Processing Aids are Safe and Effective Tools to Kill Foodborne Pathogens, NCC Says in Response to Recent Washington Post Article
August 2, 2013
WASHINGTON, D.C. – “Food safety is our top priority and we rely on the latest and best science to continuously improve our products and constantly strive to decrease the risk of potential foodborne pathogens,” said National Chicken Council Vice President of Scientific and Regulatory Affairs Ashley Peterson, Ph.D., in response to a recent Washington Post article that conveyed concerns regarding the use of processing aids in the poultry industry.
“We are at war with Salmonella and Campylobacter, and we use every approved tool at our disposal to kill bacteria on chicken products to reduce the risk of foodborne illness,” Peterson said. “Our customers and consumers expect nothing less.”
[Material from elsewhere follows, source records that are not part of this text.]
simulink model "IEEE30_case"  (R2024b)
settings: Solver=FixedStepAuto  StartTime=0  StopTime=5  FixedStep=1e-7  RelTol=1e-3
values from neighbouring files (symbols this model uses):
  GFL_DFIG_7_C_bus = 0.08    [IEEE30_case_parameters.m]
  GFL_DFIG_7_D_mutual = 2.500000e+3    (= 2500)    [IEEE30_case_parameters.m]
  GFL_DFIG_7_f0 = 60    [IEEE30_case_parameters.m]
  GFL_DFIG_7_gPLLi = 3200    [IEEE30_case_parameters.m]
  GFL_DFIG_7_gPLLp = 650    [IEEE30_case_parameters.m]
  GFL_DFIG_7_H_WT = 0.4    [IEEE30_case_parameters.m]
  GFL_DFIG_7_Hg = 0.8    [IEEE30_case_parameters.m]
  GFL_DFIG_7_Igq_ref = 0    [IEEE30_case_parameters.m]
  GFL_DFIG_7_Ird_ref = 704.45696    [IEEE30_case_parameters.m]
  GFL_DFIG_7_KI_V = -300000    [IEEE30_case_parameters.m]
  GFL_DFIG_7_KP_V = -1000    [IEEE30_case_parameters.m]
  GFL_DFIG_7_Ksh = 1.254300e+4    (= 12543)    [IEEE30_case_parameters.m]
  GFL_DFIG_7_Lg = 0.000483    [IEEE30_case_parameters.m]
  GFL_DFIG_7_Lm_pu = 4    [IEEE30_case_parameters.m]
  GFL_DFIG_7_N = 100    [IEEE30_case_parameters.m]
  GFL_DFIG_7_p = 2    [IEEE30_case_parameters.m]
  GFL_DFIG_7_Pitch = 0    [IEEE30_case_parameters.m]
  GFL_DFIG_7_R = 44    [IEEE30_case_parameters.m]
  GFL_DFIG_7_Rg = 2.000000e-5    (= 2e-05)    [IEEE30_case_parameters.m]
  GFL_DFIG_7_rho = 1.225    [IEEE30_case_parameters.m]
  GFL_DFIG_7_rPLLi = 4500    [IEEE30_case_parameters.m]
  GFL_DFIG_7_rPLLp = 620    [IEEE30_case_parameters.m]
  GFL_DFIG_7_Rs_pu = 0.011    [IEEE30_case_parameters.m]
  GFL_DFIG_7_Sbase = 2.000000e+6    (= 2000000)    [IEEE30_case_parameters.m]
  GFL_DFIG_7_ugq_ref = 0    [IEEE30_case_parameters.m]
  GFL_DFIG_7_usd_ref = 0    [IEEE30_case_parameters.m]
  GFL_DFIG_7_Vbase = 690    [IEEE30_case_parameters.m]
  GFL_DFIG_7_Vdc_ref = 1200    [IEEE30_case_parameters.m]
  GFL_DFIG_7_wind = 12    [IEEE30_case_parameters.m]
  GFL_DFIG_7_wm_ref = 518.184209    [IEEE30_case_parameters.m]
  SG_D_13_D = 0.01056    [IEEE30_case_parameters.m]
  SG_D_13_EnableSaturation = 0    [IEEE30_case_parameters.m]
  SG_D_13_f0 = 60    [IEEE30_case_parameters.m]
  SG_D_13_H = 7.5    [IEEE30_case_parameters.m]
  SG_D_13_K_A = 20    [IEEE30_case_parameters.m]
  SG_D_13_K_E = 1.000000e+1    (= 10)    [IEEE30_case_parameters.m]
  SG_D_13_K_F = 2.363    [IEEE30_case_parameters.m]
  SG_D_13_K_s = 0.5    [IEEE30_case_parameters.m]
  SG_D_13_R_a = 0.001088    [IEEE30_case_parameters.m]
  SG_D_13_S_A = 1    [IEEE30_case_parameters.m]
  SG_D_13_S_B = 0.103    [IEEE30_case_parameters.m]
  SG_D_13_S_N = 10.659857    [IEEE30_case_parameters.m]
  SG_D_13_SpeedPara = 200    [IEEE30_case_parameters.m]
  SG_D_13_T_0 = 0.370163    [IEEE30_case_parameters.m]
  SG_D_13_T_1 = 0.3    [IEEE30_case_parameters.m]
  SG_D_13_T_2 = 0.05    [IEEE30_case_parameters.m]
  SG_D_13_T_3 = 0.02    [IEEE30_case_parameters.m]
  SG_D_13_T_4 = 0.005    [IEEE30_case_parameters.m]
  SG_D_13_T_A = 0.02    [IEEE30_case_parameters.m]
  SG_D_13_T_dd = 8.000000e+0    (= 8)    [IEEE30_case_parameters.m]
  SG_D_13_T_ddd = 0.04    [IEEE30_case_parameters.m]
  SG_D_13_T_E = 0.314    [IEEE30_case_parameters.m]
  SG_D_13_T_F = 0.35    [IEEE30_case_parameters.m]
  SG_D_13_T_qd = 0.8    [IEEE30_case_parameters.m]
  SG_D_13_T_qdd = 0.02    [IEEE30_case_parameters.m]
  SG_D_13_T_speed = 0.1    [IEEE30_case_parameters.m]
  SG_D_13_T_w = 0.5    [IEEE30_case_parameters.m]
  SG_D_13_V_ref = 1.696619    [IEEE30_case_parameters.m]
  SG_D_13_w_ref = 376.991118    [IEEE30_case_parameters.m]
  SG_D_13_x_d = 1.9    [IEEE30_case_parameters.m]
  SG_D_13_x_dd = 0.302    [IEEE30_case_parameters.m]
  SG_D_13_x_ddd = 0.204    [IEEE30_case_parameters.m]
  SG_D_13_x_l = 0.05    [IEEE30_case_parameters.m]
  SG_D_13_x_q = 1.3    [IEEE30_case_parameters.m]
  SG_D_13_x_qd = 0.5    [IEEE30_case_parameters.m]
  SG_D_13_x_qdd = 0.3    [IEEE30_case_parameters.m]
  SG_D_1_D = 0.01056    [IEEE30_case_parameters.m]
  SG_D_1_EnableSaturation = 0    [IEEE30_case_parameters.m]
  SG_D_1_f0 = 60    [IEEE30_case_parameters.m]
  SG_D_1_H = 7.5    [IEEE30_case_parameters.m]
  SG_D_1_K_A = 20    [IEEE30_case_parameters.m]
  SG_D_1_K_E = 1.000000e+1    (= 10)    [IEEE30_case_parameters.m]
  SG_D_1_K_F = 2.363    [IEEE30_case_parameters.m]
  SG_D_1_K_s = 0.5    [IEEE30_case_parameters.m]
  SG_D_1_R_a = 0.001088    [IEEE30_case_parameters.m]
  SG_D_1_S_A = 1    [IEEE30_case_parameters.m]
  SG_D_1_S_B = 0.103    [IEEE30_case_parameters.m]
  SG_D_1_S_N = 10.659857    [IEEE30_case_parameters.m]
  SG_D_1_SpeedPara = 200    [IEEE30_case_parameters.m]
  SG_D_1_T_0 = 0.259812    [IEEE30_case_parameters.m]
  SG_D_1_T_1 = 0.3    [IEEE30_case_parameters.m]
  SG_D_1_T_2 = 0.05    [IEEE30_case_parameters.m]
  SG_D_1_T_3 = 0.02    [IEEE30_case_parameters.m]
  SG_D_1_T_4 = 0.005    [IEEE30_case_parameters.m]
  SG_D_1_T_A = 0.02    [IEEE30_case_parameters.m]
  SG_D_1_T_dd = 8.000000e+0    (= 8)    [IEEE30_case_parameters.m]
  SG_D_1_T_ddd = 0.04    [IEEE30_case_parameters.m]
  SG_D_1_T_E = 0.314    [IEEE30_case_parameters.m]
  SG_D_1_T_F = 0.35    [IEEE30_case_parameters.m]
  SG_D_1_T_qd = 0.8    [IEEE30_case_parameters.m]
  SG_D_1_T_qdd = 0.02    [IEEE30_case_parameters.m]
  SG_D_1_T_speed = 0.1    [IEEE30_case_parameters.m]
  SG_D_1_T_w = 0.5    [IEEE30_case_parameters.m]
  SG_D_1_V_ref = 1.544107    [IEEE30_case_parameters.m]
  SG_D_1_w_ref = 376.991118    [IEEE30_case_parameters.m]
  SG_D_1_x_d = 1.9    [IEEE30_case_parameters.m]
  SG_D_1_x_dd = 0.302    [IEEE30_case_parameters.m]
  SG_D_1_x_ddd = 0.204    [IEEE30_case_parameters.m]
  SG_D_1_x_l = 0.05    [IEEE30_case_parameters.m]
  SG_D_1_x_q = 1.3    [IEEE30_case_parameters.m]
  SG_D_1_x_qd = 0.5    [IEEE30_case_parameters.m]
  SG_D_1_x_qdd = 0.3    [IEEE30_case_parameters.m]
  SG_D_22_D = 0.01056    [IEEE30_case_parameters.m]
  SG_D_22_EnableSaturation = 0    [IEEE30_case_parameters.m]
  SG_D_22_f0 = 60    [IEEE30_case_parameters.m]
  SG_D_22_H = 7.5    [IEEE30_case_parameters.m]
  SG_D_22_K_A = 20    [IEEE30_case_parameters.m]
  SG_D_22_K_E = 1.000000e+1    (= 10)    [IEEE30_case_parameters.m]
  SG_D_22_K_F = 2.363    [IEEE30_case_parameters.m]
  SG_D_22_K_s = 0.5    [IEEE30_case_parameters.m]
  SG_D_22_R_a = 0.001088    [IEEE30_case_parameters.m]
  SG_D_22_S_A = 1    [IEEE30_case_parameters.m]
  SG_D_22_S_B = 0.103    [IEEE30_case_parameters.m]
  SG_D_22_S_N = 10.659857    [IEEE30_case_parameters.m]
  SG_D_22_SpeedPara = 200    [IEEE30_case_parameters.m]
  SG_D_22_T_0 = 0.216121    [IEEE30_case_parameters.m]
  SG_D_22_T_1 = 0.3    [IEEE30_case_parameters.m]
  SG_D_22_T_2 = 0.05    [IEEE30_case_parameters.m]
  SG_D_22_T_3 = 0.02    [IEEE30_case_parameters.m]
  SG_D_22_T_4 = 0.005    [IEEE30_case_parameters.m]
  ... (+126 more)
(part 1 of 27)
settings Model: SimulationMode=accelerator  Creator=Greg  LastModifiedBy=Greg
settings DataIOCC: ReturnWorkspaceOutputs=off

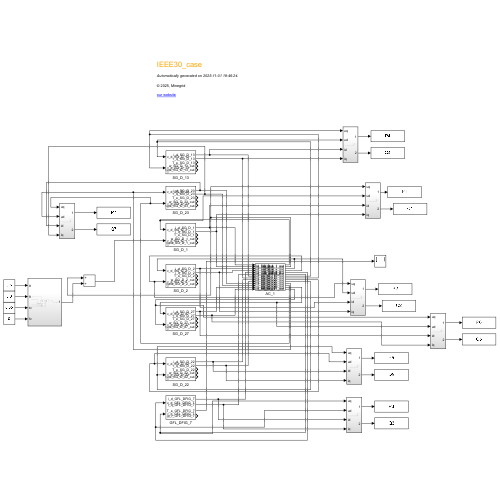
[thumbnail: Simulink's stored preview of the top-level diagram]
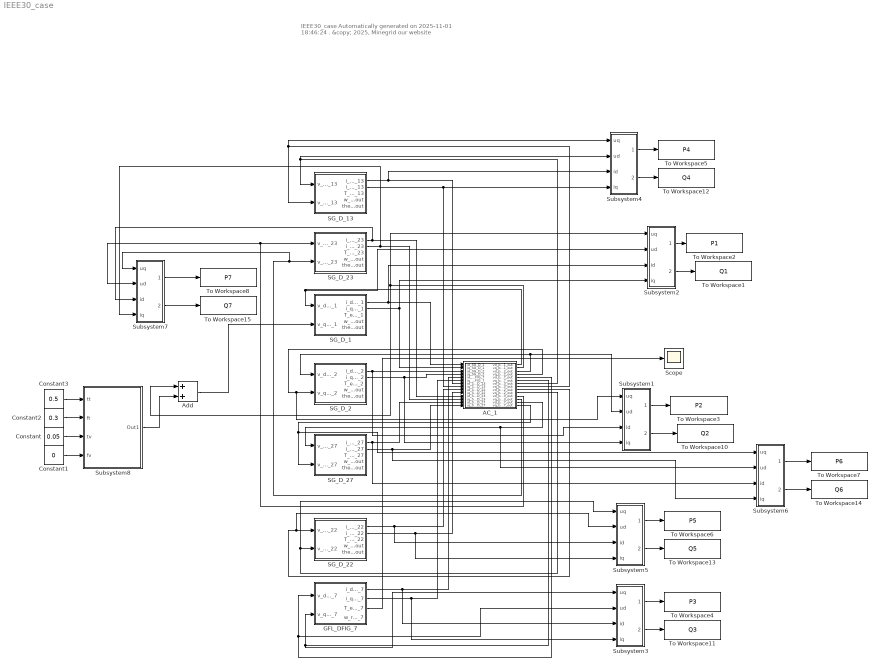
== system IEEE30_case ==
  note: IEEE30_case
      | Automatically generated on 2025-11-01 18:46:24 .
      | &copy; 2025, Minegrid
      | our website
  AC_1 : Subsystem  mask(AC_1){}
      mask help: Parameters Interface of AC_1
  Add : Sum
  Constant : Constant  Value=0.05
  Constant1 : Constant  Value=0
  Constant2 : Constant  Value=0.3
  Constant3 : Constant  Value=0.5
  GFL_DFIG_7 : Subsystem  mask(GFL_DFIG_7){Ird_ref=GFL_DFIG_7_Ird_ref, wm_ref=GFL_DFIG_7_wm_ref, f0=GFL_DFIG_7_f0, Igq_ref=GFL_DFIG_7_Igq_ref, Vdc_ref=GFL_DFIG_7_Vdc_ref, rPLLp=GFL_DFIG_7_rPLLp, rPLLi=GFL_DFIG_7_rPLLi, gPLLp=GFL_DFIG_7_gPLLp, gPLLi=GFL_DFIG_7_gPLLi, Rg=GFL_DFIG_7_Rg, Lg=GFL_DFIG_7_Lg, C_bus=GFL_DFIG_7_C_bus, Hg=GFL_DFIG_7_Hg, D_mutual=GFL_DFIG_7_D_mutual, wind=GFL_DFIG_7_wind, Sbase=GFL_DFIG_7_Sbase, Vbase=GFL_DFIG_7_Vbase, usd_ref=GFL_DFIG_7_usd_ref, ugq_ref=GFL_DFIG_7_ugq_ref, p=GFL_DFIG_7_p, Rs_pu=GFL_DFIG_7_Rs_pu, Lm_pu=GFL_DFIG_7_Lm_pu, rho=GFL_DFIG_7_rho, R=GFL_DFIG_7_R, Pitch=GFL_DFIG_7_Pitch, N=GFL_DFIG_7_N, Ksh=GFL_DFIG_7_Ksh, H_WT=GFL_DFIG_7_H_WT, KP_V=GFL_DFIG_7_KP_V, KI_V=GFL_DFIG_7_KI_V}
      mask help: Parameters Interface of GFL_DFIG_7
  SG_D_1 : Subsystem  mask(SG_D_1){T_0=SG_D_1_T_0, w_ref=SG_D_1_w_ref, V_ref=SG_D_1_V_ref, x_d=SG_D_1_x_d, x_dd=SG_D_1_x_dd, x_ddd=SG_D_1_x_ddd, x_q=SG_D_1_x_q, x_qd=SG_D_1_x_qd, x_qdd=SG_D_1_x_qdd, x_l=SG_D_1_x_l, R_a=SG_D_1_R_a, T_dd=SG_D_1_T_dd, T_ddd=SG_D_1_T_ddd, T_qd=SG_D_1_T_qd, T_qdd=SG_D_1_T_qdd, H=SG_D_1_H, D=SG_D_1_D, SpeedPara=SG_D_1_SpeedPara, K_A=SG_D_1_K_A, EnableSaturation=SG_D_1_EnableSaturation, f0=SG_D_1_f0, T_speed=SG_D_1_T_speed, T_E=SG_D_1_T_E, T_A=SG_D_1_T_A, T_F=SG_D_1_T_F, K_E=SG_D_1_K_E, K_F=SG_D_1_K_F, K_s=SG_D_1_K_s, T_1=SG_D_1_T_1, T_2=SG_D_1_T_2, T_3=SG_D_1_T_3, T_4=SG_D_1_T_4, T_w=SG_D_1_T_w, S_A=SG_D_1_S_A, S_B=SG_D_1_S_B, S_N=SG_D_1_S_N}
      mask help: Parameters Interface of SG_D_1
  SG_D_13 : Subsystem  mask(SG_D_13){T_0=SG_D_13_T_0, w_ref=SG_D_13_w_ref, V_ref=SG_D_13_V_ref, x_d=SG_D_13_x_d, x_dd=SG_D_13_x_dd, x_ddd=SG_D_13_x_ddd, x_q=SG_D_13_x_q, x_qd=SG_D_13_x_qd, x_qdd=SG_D_13_x_qdd, x_l=SG_D_13_x_l, R_a=SG_D_13_R_a, T_dd=SG_D_13_T_dd, T_ddd=SG_D_13_T_ddd, T_qd=SG_D_13_T_qd, T_qdd=SG_D_13_T_qdd, H=SG_D_13_H, D=SG_D_13_D, SpeedPara=SG_D_13_SpeedPara, K_A=SG_D_13_K_A, EnableSaturation=SG_D_13_EnableSaturation, f0=SG_D_13_f0, T_speed=SG_D_13_T_speed, T_E=SG_D_13_T_E, T_A=SG_D_13_T_A, T_F=SG_D_13_T_F, K_E=SG_D_13_K_E, K_F=SG_D_13_K_F, K_s=SG_D_13_K_s, T_1=SG_D_13_T_1, T_2=SG_D_13_T_2, T_3=SG_D_13_T_3, T_4=SG_D_13_T_4, T_w=SG_D_13_T_w, S_A=SG_D_13_S_A, S_B=SG_D_13_S_B, S_N=SG_D_13_S_N}
      mask help: Parameters Interface of SG_D_13
  SG_D_2 : Subsystem  mask(SG_D_2){T_0=SG_D_2_T_0, w_ref=SG_D_2_w_ref, V_ref=SG_D_2_V_ref, x_d=SG_D_2_x_d, x_dd=SG_D_2_x_dd, x_ddd=SG_D_2_x_ddd, x_q=SG_D_2_x_q, x_qd=SG_D_2_x_qd, x_qdd=SG_D_2_x_qdd, x_l=SG_D_2_x_l, R_a=SG_D_2_R_a, T_dd=SG_D_2_T_dd, T_ddd=SG_D_2_T_ddd, T_qd=SG_D_2_T_qd, T_qdd=SG_D_2_T_qdd, H=SG_D_2_H, D=SG_D_2_D, SpeedPara=SG_D_2_SpeedPara, K_A=SG_D_2_K_A, EnableSaturation=SG_D_2_EnableSaturation, f0=SG_D_2_f0, T_speed=SG_D_2_T_speed, T_E=SG_D_2_T_E, T_A=SG_D_2_T_A, T_F=SG_D_2_T_F, K_E=SG_D_2_K_E, K_F=SG_D_2_K_F, K_s=SG_D_2_K_s, T_1=SG_D_2_T_1, T_2=SG_D_2_T_2, T_3=SG_D_2_T_3, T_4=SG_D_2_T_4, T_w=SG_D_2_T_w, S_A=SG_D_2_S_A, S_B=SG_D_2_S_B, S_N=SG_D_2_S_N}
      mask help: Parameters Interface of SG_D_2
  SG_D_22 : Subsystem  mask(SG_D_22){T_0=SG_D_22_T_0, w_ref=SG_D_22_w_ref, V_ref=SG_D_22_V_ref, x_d=SG_D_22_x_d, x_dd=SG_D_22_x_dd, x_ddd=SG_D_22_x_ddd, x_q=SG_D_22_x_q, x_qd=SG_D_22_x_qd, x_qdd=SG_D_22_x_qdd, x_l=SG_D_22_x_l, R_a=SG_D_22_R_a, T_dd=SG_D_22_T_dd, T_ddd=SG_D_22_T_ddd, T_qd=SG_D_22_T_qd, T_qdd=SG_D_22_T_qdd, H=SG_D_22_H, D=SG_D_22_D, SpeedPara=SG_D_22_SpeedPara, K_A=SG_D_22_K_A, EnableSaturation=SG_D_22_EnableSaturation, f0=SG_D_22_f0, T_speed=SG_D_22_T_speed, T_E=SG_D_22_T_E, T_A=SG_D_22_T_A, T_F=SG_D_22_T_F, K_E=SG_D_22_K_E, K_F=SG_D_22_K_F, K_s=SG_D_22_K_s, T_1=SG_D_22_T_1, T_2=SG_D_22_T_2, T_3=SG_D_22_T_3, T_4=SG_D_22_T_4, T_w=SG_D_22_T_w, S_A=SG_D_22_S_A, S_B=SG_D_22_S_B, S_N=SG_D_22_S_N}
      mask help: Parameters Interface of SG_D_22
  SG_D_23 : Subsystem  mask(SG_D_23){T_0=SG_D_23_T_0, w_ref=SG_D_23_w_ref, V_ref=SG_D_23_V_ref, x_d=SG_D_23_x_d, x_dd=SG_D_23_x_dd, x_ddd=SG_D_23_x_ddd, x_q=SG_D_23_x_q, x_qd=SG_D_23_x_qd, x_qdd=SG_D_23_x_qdd, x_l=SG_D_23_x_l, R_a=SG_D_23_R_a, T_dd=SG_D_23_T_dd, T_ddd=SG_D_23_T_ddd, T_qd=SG_D_23_T_qd, T_qdd=SG_D_23_T_qdd, H=SG_D_23_H, D=SG_D_23_D, SpeedPara=SG_D_23_SpeedPara, K_A=SG_D_23_K_A, EnableSaturation=SG_D_23_EnableSaturation, f0=SG_D_23_f0, T_speed=SG_D_23_T_speed, T_E=SG_D_23_T_E, T_A=SG_D_23_T_A, T_F=SG_D_23_T_F, K_E=SG_D_23_K_E, K_F=SG_D_23_K_F, K_s=SG_D_23_K_s, T_1=SG_D_23_T_1, T_2=SG_D_23_T_2, T_3=SG_D_23_T_3, T_4=SG_D_23_T_4, T_w=SG_D_23_T_w, S_A=SG_D_23_S_A, S_B=SG_D_23_S_B, S_N=SG_D_23_S_N}
      mask help: Parameters Interface of SG_D_23
  SG_D_27 : Subsystem  mask(SG_D_27){T_0=SG_D_27_T_0, w_ref=SG_D_27_w_ref, V_ref=SG_D_27_V_ref, x_d=SG_D_27_x_d, x_dd=SG_D_27_x_dd, x_ddd=SG_D_27_x_ddd, x_q=SG_D_27_x_q, x_qd=SG_D_27_x_qd, x_qdd=SG_D_27_x_qdd, x_l=SG_D_27_x_l, R_a=SG_D_27_R_a, T_dd=SG_D_27_T_dd, T_ddd=SG_D_27_T_ddd, T_qd=SG_D_27_T_qd, T_qdd=SG_D_27_T_qdd, H=SG_D_27_H, D=SG_D_27_D, SpeedPara=SG_D_27_SpeedPara, K_A=SG_D_27_K_A, EnableSaturation=SG_D_27_EnableSaturation, f0=SG_D_27_f0, T_speed=SG_D_27_T_speed, T_E=SG_D_27_T_E, T_A=SG_D_27_T_A, T_F=SG_D_27_T_F, K_E=SG_D_27_K_E, K_F=SG_D_27_K_F, K_s=SG_D_27_K_s, T_1=SG_D_27_T_1, T_2=SG_D_27_T_2, T_3=SG_D_27_T_3, T_4=SG_D_27_T_4, T_w=SG_D_27_T_w, S_A=SG_D_27_S_A, S_B=SG_D_27_S_B, S_N=SG_D_27_S_N}
      mask help: Parameters Interface of SG_D_27
  Scope : Scope
  Subsystem1 : Subsystem
  Subsystem2 : Subsystem
  Subsystem3 : Subsystem
  Subsystem4 : Subsystem
  Subsystem5 : Subsystem
  Subsystem6 : Subsystem
  Subsystem7 : Subsystem
  Subsystem8 : Subsystem
  To Workspace1 : ToWorkspace  VariableName=Q1  SampleTime=-1
  To Workspace10 : ToWorkspace  VariableName=Q2  SampleTime=-1
  To Workspace11 : ToWorkspace  VariableName=Q3  SampleTime=-1
  To Workspace12 : ToWorkspace  VariableName=Q4  SampleTime=-1
  To Workspace13 : ToWorkspace  VariableName=Q5  SampleTime=-1
  To Workspace14 : ToWorkspace  VariableName=Q6  SampleTime=-1
  To Workspace15 : ToWorkspace  VariableName=Q7  SampleTime=-1
  To Workspace2 : ToWorkspace  VariableName=P1  SampleTime=-1
  To Workspace3 : ToWorkspace  VariableName=P2  SampleTime=-1
  To Workspace4 : ToWorkspace  VariableName=P3  SampleTime=-1
  To Workspace5 : ToWorkspace  VariableName=P4  SampleTime=-1
  To Workspace6 : ToWorkspace  VariableName=P5  SampleTime=-1
  To Workspace7 : ToWorkspace  VariableName=P6  SampleTime=-1
  To Workspace8 : ToWorkspace  VariableName=P7  SampleTime=-1
  wires:
  SG_D_23/2(i_q_SG_D_23) -> Subsystem7/4(iq), AC_1/12(iq_SG_D_23)
  SG_D_13/1(i_d_SG_D_13) -> Subsystem4/3(id), AC_1/7(id_SG_D_13)
  SG_D_13/2(i_q_SG_D_13) -> Subsystem4/4(iq), AC_1/8(iq_SG_D_13)
  SG_D_23/1(i_d_SG_D_23) -> Subsystem7/3(id), AC_1/11(id_SG_D_23)
  SG_D_2/2(i_q_SG_D_2) -> Subsystem1/4(iq), AC_1/4(iq_SG_D_2)
  SG_D_1/2(i_q_SG_D_1) -> Subsystem2/4(iq), AC_1/2(iq_SG_D_1)
  SG_D_1/1(i_d_SG_D_1) -> Subsystem2/3(id), AC_1/1(id_SG_D_1)
  SG_D_2/1(i_d_SG_D_2) -> Subsystem1/3(id), AC_1/3(id_SG_D_2)
  SG_D_27/1(i_d_SG_D_27) -> Subsystem6/3(id), AC_1/13(id_SG_D_27)
  SG_D_27/2(i_q_SG_D_27) -> Subsystem6/4(iq), AC_1/14(iq_SG_D_27)
  SG_D_22/2(i_q_SG_D_22) -> Subsystem5/4(iq), AC_1/10(iq_SG_D_22)
  SG_D_22/1(i_d_SG_D_22) -> Subsystem5/3(id), AC_1/9(id_SG_D_22)
  AC_1/7(vd_bus_13_out) -> SG_D_13/1(v_d_SG_D_13), Subsystem4/2(ud)
  GFL_DFIG_7/1(i_d_GFL_DFIG_7) -> Subsystem3/3(id), AC_1/5(id_GFL_DFIG_7)
  GFL_DFIG_7/2(i_q_GFL_DFIG_7) -> Subsystem3/4(iq), AC_1/6(iq_GFL_DFIG_7)
  AC_1/3(vd_bus_2_out) -> SG_D_2/1(v_d_SG_D_2), Subsystem1/2(ud)
  AC_1/1(vd_bus_1_out) -> Subsystem2/2(ud), SG_D_1/1(v_d_SG_D_1)
  AC_1/6(vq_bus_7_out) -> GFL_DFIG_7/2(v_q_GFL_DFIG_7), Subsystem3/1(uq)
  AC_1/4(vq_bus_2_out) -> Subsystem1/1(uq), SG_D_2/2(v_q_SG_D_2)
  AC_1/5(vd_bus_7_out) -> GFL_DFIG_7/1(v_d_GFL_DFIG_7), Subsystem3/2(ud)
  AC_1/8(vq_bus_13_out) -> SG_D_13/2(v_q_SG_D_13), Subsystem4/1(uq)
  AC_1/11(vd_bus_23_out) -> SG_D_23/1(v_d_SG_D_23), Subsystem7/2(ud)
  AC_1/9(vd_bus_22_out) -> Subsystem5/2(ud), SG_D_22/1(v_d_SG_D_22)
  AC_1/10(vq_bus_22_out) -> Subsystem5/1(uq), SG_D_22/2(v_q_SG_D_22)
  AC_1/14(vq_bus_27_out) -> SG_D_27/2(v_q_SG_D_27), Subsystem6/1(uq)
  AC_1/12(vq_bus_23_out) -> Subsystem7/1(uq), SG_D_23/2(v_q_SG_D_23)
  AC_1/13(vd_bus_27_out) -> SG_D_27/1(v_d_SG_D_27), Subsystem6/2(ud)
  GFL_DFIG_7/3(T_e_GFL_DFIG_7) -> Scope/1
  Subsystem2/1(Out1) -> To Workspace2/1
  Subsystem2/2(Out2) -> To Workspace1/1
  Subsystem1/1(Out1) -> To Workspace3/1
  Subsystem1/2(Out2) -> To Workspace10/1
  Subsystem3/2(Out2) -> To Workspace11/1
  Subsystem3/1(Out1) -> To Workspace4/1
  Subsystem4/1(Out1) -> To Workspace5/1
  Subsystem4/2(Out2) -> To Workspace12/1
  Subsystem5/1(Out1) -> To Workspace6/1
  Subsystem5/2(Out2) -> To Workspace13/1
  Subsystem6/1(Out1) -> To Workspace7/1
  Subsystem6/2(Out2) -> To Workspace14/1
  Subsystem7/1(Out1) -> To Workspace8/1
  Subsystem7/2(Out2) -> To Workspace15/1
  Constant3/1 -> Subsystem8/1(tt)
  Constant1/1 -> Subsystem8/4(fv)
  Constant/1 -> Subsystem8/3(tv)
  AC_1/2(vq_bus_1_out) -> Add/1, Subsystem2/1(uq)
  Subsystem8/1(Out1) -> Add/2
  Constant2/1 -> Subsystem8/2(ft)
  Add/1 -> SG_D_1/2(v_q_SG_D_1)

Some of those tools include antimicrobials used as processing aids that are applied to poultry carcasses to kill foodborne pathogens. Two common processing aids that were mentioned by the Washington Post are cetylpyridinium chloride (CPC) and peracetic acid (PAA).
CPC is an antiseptic that kills bacteria and other microorganisms. It is commonly found in toothpaste, mouthwash and nasal sprays.
Peracetic acid (PAA) is an organic compound, made up of basically vinegar and hydrogen peroxide. It is applied to poultry carcasses at concentrations that are less acidic and more dilute than products commonly found in kitchen cabinets and refrigerators. Within the water at poultry processing plants, poultry is treated at concentrations that are less acidic than lemon juice and more dilute than household vinegar.
“The bottom line for consumers is that these processing aids are diluted significantly, break down in water to non-harmful substances and are often rinsed-off after their application. “They have no impact on public health other than to make chicken products safer.”
Peterson refuted some of the claims made in the article regarding the “neutralization” of certain processing aids by noting that companies that manufacture these processing aids do extensive research and must document their safety and effectiveness before any product is approved for use by FDA and USDA; she said this evaluation is frequently repeated by others in the industry.
“USDA-approved processing aids by definition have no lasting effect after application,” Peterson continued. “As such, we are confident that testing results are indicative of effective chemistry.”